The decision specifically said the NCAA cannot limit the benefits provided to scholarship athletes, provided those benefits are “tethered” to education. Things like computers, and other learning aids are now freely available. But that is not nearly the most significant part of the decision. The real landmark aspect of the case is that, in terms of antitrust law, the NCAA has lost its special status, and will now have to behave just like any other big corporation. Its actions will now be judged under the “rule of reason” analysis, rather than a much more deferential standard. In essence, it will be up to the NCAA to prove its regulations don’t have an anti-competitive effect — a standard they can never meet.

This ruling has huge implications for the gathering storm over NIL (name, image and likeness) compensation for athletes. It means the NCAA should not even attempt a uniform set of regulations governing NIL compensation, because it won’t legally stand. Instead, the laws that various states are now passing (19 at last count) will control how NIL compensation will allowed. Thus, there will be a hodgepodge of laws unless and until Congress acts to pass a nationwide law.

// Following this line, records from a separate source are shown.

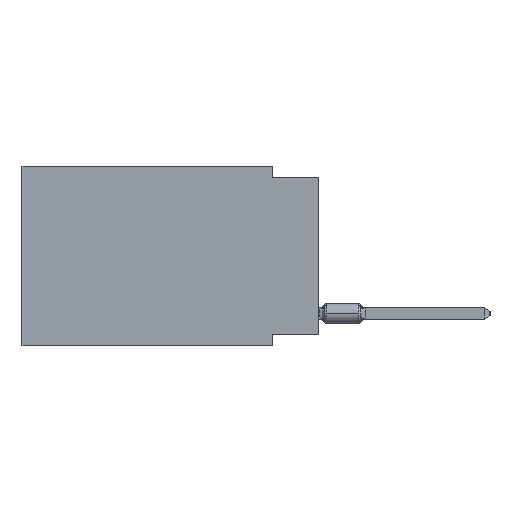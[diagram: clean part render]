
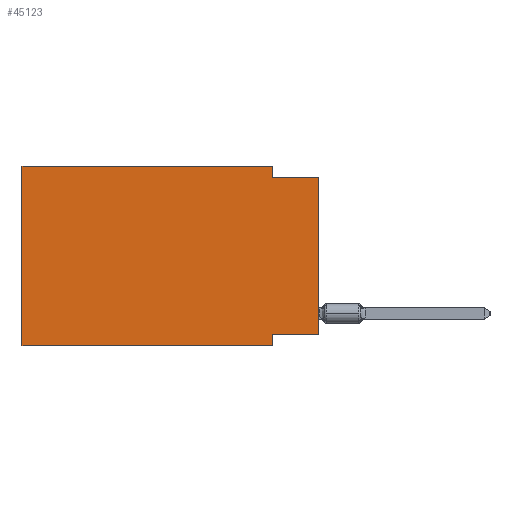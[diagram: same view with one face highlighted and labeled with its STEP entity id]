
A CAD part, left-side view. The second image highlights one B-rep face of the part: STEP entity #45123.
In plain terms, the highlighted planar face has unit normal (-1, 0, 0).
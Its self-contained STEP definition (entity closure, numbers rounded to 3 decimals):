
#598 = CARTESIAN_POINT ( 'NONE',  ( 0., 2.54, -9.271 ) ) ;
#1089 = LINE ( 'NONE', #34386, #38220 ) ;
#1112 = CARTESIAN_POINT ( 'NONE',  ( 0., 16.383, -9.906 ) ) ;
#3623 = VECTOR ( 'NONE', #37707, 1000. ) ;
#4406 = CARTESIAN_POINT ( 'NONE',  ( 0., 16.383, 0. ) ) ;
#4512 = EDGE_CURVE ( 'NONE', #49786, #38095, #52263, .T. ) ;
#5209 = DIRECTION ( 'NONE',  ( 0., -1., 0. ) ) ;
#6047 = CARTESIAN_POINT ( 'NONE',  ( 0., 2.54, 0. ) ) ;
#6057 = EDGE_CURVE ( 'NONE', #13332, #49786, #51542, .T. ) ;
#9514 = CARTESIAN_POINT ( 'NONE',  ( 0., 0., -0.635 ) ) ;
#9864 = VECTOR ( 'NONE', #5209, 1000. ) ;
#9957 = DIRECTION ( 'NONE',  ( 0., 0., -1. ) ) ;
#10851 = LINE ( 'NONE', #26441, #32694 ) ;
#12838 = CARTESIAN_POINT ( 'NONE',  ( 0., 2.54, -9.906 ) ) ;
#13246 = CARTESIAN_POINT ( 'NONE',  ( 0., 2.54, -9.906 ) ) ;
#13332 = VERTEX_POINT ( 'NONE', #43225 ) ;
#14630 = EDGE_CURVE ( 'NONE', #24988, #28812, #15999, .T. ) ;
#15999 = LINE ( 'NONE', #4406, #3623 ) ;
#16897 = ORIENTED_EDGE ( 'NONE', *, *, #16967, .F. ) ;
#16967 = EDGE_CURVE ( 'NONE', #41781, #33104, #50551, .T. ) ;
#21108 = EDGE_CURVE ( 'NONE', #24988, #33104, #51228, .T. ) ;
#21996 = DIRECTION ( 'NONE',  ( 0., 0., -1. ) ) ;
#22364 = VECTOR ( 'NONE', #9957, 1000. ) ;
#22400 = DIRECTION ( 'NONE',  ( 0., 1., 0. ) ) ;
#23420 = CARTESIAN_POINT ( 'NONE',  ( 0., 16.383, 0. ) ) ;
#23801 = ORIENTED_EDGE ( 'NONE', *, *, #28417, .F. ) ;
#24988 = VERTEX_POINT ( 'NONE', #38551 ) ;
#25246 = CARTESIAN_POINT ( 'NONE',  ( 0., 2.54, -0.635 ) ) ;
#25548 = CARTESIAN_POINT ( 'NONE',  ( 0., 16.383, 0. ) ) ;
#26080 = EDGE_CURVE ( 'NONE', #28812, #13332, #10851, .T. ) ;
#26358 = FACE_OUTER_BOUND ( 'NONE', #53253, .T. ) ;
#26441 = CARTESIAN_POINT ( 'NONE',  ( 0., 16.383, 0. ) ) ;
#28417 = EDGE_CURVE ( 'NONE', #42801, #41781, #1089, .T. ) ;
#28571 = ORIENTED_EDGE ( 'NONE', *, *, #21108, .T. ) ;
#28750 = VECTOR ( 'NONE', #39255, 1000. ) ;
#28812 = VERTEX_POINT ( 'NONE', #23420 ) ;
#30551 = VECTOR ( 'NONE', #50728, 1000. ) ;
#30773 = ORIENTED_EDGE ( 'NONE', *, *, #26080, .F. ) ;
#32152 = AXIS2_PLACEMENT_3D ( 'NONE', #25548, #51059, #21996 ) ;
#32694 = VECTOR ( 'NONE', #47621, 1000. ) ;
#33104 = VERTEX_POINT ( 'NONE', #12838 ) ;
#34386 = CARTESIAN_POINT ( 'NONE',  ( 0., 0., -9.271 ) ) ;
#35123 = EDGE_CURVE ( 'NONE', #42801, #38095, #48346, .T. ) ;
#35322 = CARTESIAN_POINT ( 'NONE',  ( 0., 0., 0. ) ) ;
#37707 = DIRECTION ( 'NONE',  ( 0., 0., 1. ) ) ;
#37954 = ORIENTED_EDGE ( 'NONE', *, *, #35123, .T. ) ;
#38095 = VERTEX_POINT ( 'NONE', #49740 ) ;
#38220 = VECTOR ( 'NONE', #22400, 1000. ) ;
#38551 = CARTESIAN_POINT ( 'NONE',  ( 0., 16.383, -9.906 ) ) ;
#39255 = DIRECTION ( 'NONE',  ( 0., -1., 0. ) ) ;
#39317 = ORIENTED_EDGE ( 'NONE', *, *, #14630, .F. ) ;
#40013 = CARTESIAN_POINT ( 'NONE',  ( 0., 0., -9.271 ) ) ;
#40286 = ORIENTED_EDGE ( 'NONE', *, *, #6057, .F. ) ;
#41781 = VERTEX_POINT ( 'NONE', #598 ) ;
#42801 = VERTEX_POINT ( 'NONE', #40013 ) ;
#43225 = CARTESIAN_POINT ( 'NONE',  ( 0., 2.54, 0. ) ) ;
#44553 = DIRECTION ( 'NONE',  ( 0., 0., 1. ) ) ;
#45123 = ADVANCED_FACE ( 'NONE', ( #26358 ), #50534, .F. ) ;
#47438 = ORIENTED_EDGE ( 'NONE', *, *, #4512, .F. ) ;
#47621 = DIRECTION ( 'NONE',  ( 0., -1., 0. ) ) ;
#48346 = LINE ( 'NONE', #35322, #51803 ) ;
#49740 = CARTESIAN_POINT ( 'NONE',  ( 0., 0., -0.635 ) ) ;
#49786 = VERTEX_POINT ( 'NONE', #25246 ) ;
#50534 = PLANE ( 'NONE',  #32152 ) ;
#50551 = LINE ( 'NONE', #13246, #22364 ) ;
#50728 = DIRECTION ( 'NONE',  ( 0., 0., -1. ) ) ;
#51059 = DIRECTION ( 'NONE',  ( 1., 0., 0. ) ) ;
#51228 = LINE ( 'NONE', #1112, #9864 ) ;
#51542 = LINE ( 'NONE', #6047, #30551 ) ;
#51803 = VECTOR ( 'NONE', #44553, 1000. ) ;
#52263 = LINE ( 'NONE', #9514, #28750 ) ;
#53253 = EDGE_LOOP ( 'NONE', ( #37954, #47438, #40286, #30773, #39317, #28571, #16897, #23801 ) ) ;

But the overarching significance of the decision is found in Justice Kavanaugh’s concurring opinion, when he pronounced that “the NCAA is not above the law.” From this point forward, every restrictive policy that the NCAA has will be scrutinized under a much less forgiving standard, and college athletics will have to be conducted like any other multi-billion dollar business. This is going to dramatically accelerate the changes that have been coming for a while. Stay tuned.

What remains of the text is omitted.